* **WHAT TO DO**
Could you write out every record below exactly, leaving out any pictures?

---- INPUT DATA

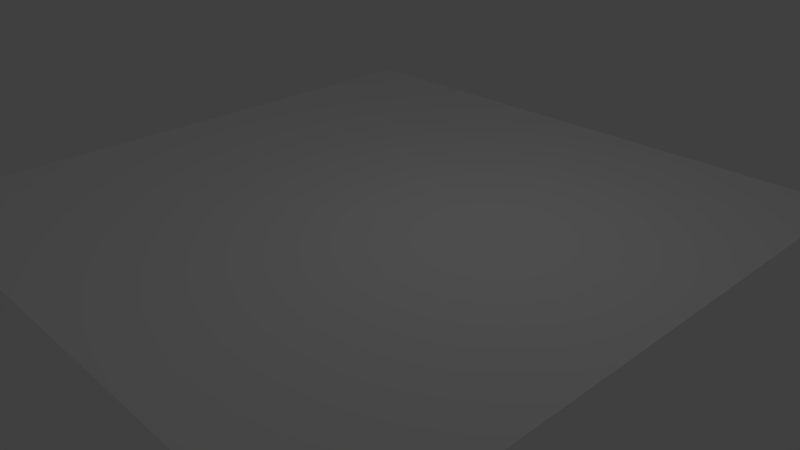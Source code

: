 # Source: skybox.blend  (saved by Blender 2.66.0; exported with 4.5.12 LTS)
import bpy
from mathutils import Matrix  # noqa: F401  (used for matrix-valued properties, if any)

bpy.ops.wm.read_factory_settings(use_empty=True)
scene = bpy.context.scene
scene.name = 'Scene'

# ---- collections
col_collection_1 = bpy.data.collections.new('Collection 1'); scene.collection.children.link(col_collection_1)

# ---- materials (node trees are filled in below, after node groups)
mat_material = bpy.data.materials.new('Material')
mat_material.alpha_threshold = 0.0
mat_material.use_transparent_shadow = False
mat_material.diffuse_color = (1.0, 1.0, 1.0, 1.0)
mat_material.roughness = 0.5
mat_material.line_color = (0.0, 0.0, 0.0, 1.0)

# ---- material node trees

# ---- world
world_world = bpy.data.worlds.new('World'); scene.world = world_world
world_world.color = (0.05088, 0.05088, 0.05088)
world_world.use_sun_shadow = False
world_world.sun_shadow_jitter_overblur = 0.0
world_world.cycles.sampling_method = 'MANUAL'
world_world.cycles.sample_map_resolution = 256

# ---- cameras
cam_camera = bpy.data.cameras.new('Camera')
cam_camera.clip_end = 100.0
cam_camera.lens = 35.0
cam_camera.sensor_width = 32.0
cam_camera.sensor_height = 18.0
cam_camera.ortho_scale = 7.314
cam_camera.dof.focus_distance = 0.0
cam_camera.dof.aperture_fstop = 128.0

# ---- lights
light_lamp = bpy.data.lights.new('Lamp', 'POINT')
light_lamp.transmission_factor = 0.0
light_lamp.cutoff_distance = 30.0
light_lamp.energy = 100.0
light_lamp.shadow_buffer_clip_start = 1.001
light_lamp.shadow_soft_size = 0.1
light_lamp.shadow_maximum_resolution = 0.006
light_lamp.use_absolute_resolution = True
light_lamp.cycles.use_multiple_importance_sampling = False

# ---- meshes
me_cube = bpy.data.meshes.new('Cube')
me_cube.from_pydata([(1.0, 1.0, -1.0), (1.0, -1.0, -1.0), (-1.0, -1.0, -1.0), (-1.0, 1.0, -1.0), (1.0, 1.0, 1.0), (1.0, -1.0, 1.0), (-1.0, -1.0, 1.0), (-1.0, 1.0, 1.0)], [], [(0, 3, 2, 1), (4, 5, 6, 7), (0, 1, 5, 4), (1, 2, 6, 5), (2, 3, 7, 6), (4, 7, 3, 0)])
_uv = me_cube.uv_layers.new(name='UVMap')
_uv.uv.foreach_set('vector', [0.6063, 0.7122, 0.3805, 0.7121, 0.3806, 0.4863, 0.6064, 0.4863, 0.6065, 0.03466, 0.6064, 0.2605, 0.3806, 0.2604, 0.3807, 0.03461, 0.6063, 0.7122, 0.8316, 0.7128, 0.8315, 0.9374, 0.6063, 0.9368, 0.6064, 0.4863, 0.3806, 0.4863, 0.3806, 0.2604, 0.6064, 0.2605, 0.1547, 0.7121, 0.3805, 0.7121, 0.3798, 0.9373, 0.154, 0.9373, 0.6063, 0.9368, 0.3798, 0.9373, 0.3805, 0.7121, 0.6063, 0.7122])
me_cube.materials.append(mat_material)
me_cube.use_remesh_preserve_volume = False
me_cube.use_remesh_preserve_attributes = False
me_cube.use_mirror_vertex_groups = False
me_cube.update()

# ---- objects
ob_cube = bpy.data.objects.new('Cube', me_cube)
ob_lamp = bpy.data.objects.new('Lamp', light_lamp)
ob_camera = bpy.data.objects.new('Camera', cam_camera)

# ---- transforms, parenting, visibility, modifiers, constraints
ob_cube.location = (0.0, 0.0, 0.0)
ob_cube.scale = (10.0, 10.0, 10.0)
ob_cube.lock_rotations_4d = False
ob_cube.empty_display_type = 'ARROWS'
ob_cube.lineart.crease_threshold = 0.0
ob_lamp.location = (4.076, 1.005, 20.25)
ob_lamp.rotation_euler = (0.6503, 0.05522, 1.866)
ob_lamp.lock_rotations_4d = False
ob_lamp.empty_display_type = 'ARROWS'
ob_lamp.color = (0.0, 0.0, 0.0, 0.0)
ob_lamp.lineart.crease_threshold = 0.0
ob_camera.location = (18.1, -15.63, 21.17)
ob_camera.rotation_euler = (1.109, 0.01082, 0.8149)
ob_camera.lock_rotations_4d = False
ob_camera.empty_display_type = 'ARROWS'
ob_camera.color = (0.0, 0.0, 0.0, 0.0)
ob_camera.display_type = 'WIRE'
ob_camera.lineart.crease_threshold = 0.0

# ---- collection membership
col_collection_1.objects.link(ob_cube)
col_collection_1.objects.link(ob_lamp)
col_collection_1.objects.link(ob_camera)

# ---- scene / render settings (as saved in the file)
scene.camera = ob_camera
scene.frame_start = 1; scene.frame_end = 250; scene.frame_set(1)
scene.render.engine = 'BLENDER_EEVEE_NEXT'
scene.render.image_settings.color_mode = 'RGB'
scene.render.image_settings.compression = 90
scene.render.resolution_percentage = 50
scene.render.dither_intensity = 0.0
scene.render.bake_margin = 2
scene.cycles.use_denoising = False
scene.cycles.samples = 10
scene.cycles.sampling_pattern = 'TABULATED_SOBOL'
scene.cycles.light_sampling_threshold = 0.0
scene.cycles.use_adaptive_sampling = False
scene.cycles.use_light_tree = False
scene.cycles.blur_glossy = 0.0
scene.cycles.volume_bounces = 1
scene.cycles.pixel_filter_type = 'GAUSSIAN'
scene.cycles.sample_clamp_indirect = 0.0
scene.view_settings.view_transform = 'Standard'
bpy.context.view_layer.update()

--------

* **RESULT OF THIS EXERCISE**
Source code

: # Source: skybox.blend  (saved by Blender 2.66.0; exported with 4.5.12 LTS)
import bpy
from mathutils import Matrix  # noqa: F401  (used for matrix-valued properties, if any)

bpy.ops.wm.read_factory_settings(use_empty=True)
scene = bpy.context.scene
scene.name = 'Scene'

# ---- collections
col_collection_1 = bpy.data.collections.new('Collection 1'); scene.collection.children.link(col_collection_1)

# ---- materials (node trees are filled in below, after node groups)
mat_material = bpy.data.materials.new('Material')
mat_material.alpha_threshold = 0.0
mat_material.use_transparent_shadow = False
mat_material.diffuse_color = (1.0, 1.0, 1.0, 1.0)
mat_material.roughness = 0.5
mat_material.line_color = (0.0, 0.0, 0.0, 1.0)

# ---- material node trees

# ---- world
world_world = bpy.data.worlds.new('World'); scene.world = world_world
world_world.color = (0.05088, 0.05088, 0.05088)
world_world.use_sun_shadow = False
world_world.sun_shadow_jitter_overblur = 0.0
world_world.cycles.sampling_method = 'MANUAL'
world_world.cycles.sample_map_resolution = 256

# ---- cameras
cam_camera = bpy.data.cameras.new('Camera')
cam_camera.clip_end = 100.0
cam_camera.lens = 35.0
cam_camera.sensor_width = 32.0
cam_camera.sensor_height = 18.0
cam_camera.ortho_scale = 7.314
cam_camera.dof.focus_distance = 0.0
cam_camera.dof.aperture_fstop = 128.0

# ---- lights
light_lamp = bpy.data.lights.new('Lamp', 'POINT')
light_lamp.transmission_factor = 0.0
light_lamp.cutoff_distance = 30.0
light_lamp.energy = 100.0
light_lamp.shadow_buffer_clip_start = 1.001
light_lamp.shadow_soft_size = 0.1
light_lamp.shadow_maximum_resolution = 0.006
light_lamp.use_absolute_resolution = True
light_lamp.cycles.use_multiple_importance_sampling = False

# ---- meshes
me_cube = bpy.data.meshes.new('Cube')
me_cube.from_pydata([(1.0, 1.0, -1.0), (1.0, -1.0, -1.0), (-1.0, -1.0, -1.0), (-1.0, 1.0, -1.0), (1.0, 1.0, 1.0), (1.0, -1.0, 1.0), (-1.0, -1.0, 1.0), (-1.0, 1.0, 1.0)], [], [(0, 3, 2, 1), (4, 5, 6, 7), (0, 1, 5, 4), (1, 2, 6, 5), (2, 3, 7, 6), (4, 7, 3, 0)])
_uv = me_cube.uv_layers.new(name='UVMap')
_uv.uv.foreach_set('vector', [0.6063, 0.7122, 0.3805, 0.7121, 0.3806, 0.4863, 0.6064, 0.4863, 0.6065, 0.03466, 0.6064, 0.2605, 0.3806, 0.2604, 0.3807, 0.03461, 0.6063, 0.7122, 0.8316, 0.7128, 0.8315, 0.9374, 0.6063, 0.9368, 0.6064, 0.4863, 0.3806, 0.4863, 0.3806, 0.2604, 0.6064, 0.2605, 0.1547, 0.7121, 0.3805, 0.7121, 0.3798, 0.9373, 0.154, 0.9373, 0.6063, 0.9368, 0.3798, 0.9373, 0.3805, 0.7121, 0.6063, 0.7122])
me_cube.materials.append(mat_material)
me_cube.use_remesh_preserve_volume = False
me_cube.use_remesh_preserve_attributes = False
me_cube.use_mirror_vertex_groups = False
me_cube.update()

# ---- objects
ob_cube = bpy.data.objects.new('Cube', me_cube)
ob_lamp = bpy.data.objects.new('Lamp', light_lamp)
ob_camera = bpy.data.objects.new('Camera', cam_camera)

# ---- transforms, parenting, visibility, modifiers, constraints
ob_cube.location = (0.0, 0.0, 0.0)
ob_cube.scale = (10.0, 10.0, 10.0)
ob_cube.lock_rotations_4d = False
ob_cube.empty_display_type = 'ARROWS'
ob_cube.lineart.crease_threshold = 0.0
ob_lamp.location = (4.076, 1.005, 20.25)
ob_lamp.rotation_euler = (0.6503, 0.05522, 1.866)
ob_lamp.lock_rotations_4d = False
ob_lamp.empty_display_type = 'ARROWS'
ob_lamp.color = (0.0, 0.0, 0.0, 0.0)
ob_lamp.lineart.crease_threshold = 0.0
ob_camera.location = (18.1, -15.63, 21.17)
ob_camera.rotation_euler = (1.109, 0.01082, 0.8149)
ob_camera.lock_rotations_4d = False
ob_camera.empty_display_type = 'ARROWS'
ob_camera.color = (0.0, 0.0, 0.0, 0.0)
ob_camera.display_type = 'WIRE'
ob_camera.lineart.crease_threshold = 0.0

# ---- collection membership
col_collection_1.objects.link(ob_cube)
col_collection_1.objects.link(ob_lamp)
col_collection_1.objects.link(ob_camera)

# ---- scene / render settings (as saved in the file)
scene.camera = ob_camera
scene.frame_start = 1; scene.frame_end = 250; scene.frame_set(1)
scene.render.engine = 'BLENDER_EEVEE_NEXT'
scene.render.image_settings.color_mode = 'RGB'
scene.render.image_settings.compression = 90
scene.render.resolution_percentage = 50
scene.render.dither_intensity = 0.0
scene.render.bake_margin = 2
scene.cycles.use_denoising = False
scene.cycles.samples = 10
scene.cycles.sampling_pattern = 'TABULATED_SOBOL'
scene.cycles.light_sampling_threshold = 0.0
scene.cycles.use_adaptive_sampling = False
scene.cycles.use_light_tree = False
scene.cycles.blur_glossy = 0.0
scene.cycles.volume_bounces = 1
scene.cycles.pixel_filter_type = 'GAUSSIAN'
scene.cycles.sample_clamp_indirect = 0.0
scene.view_settings.view_transform = 'Standard'
bpy.context.view_layer.update()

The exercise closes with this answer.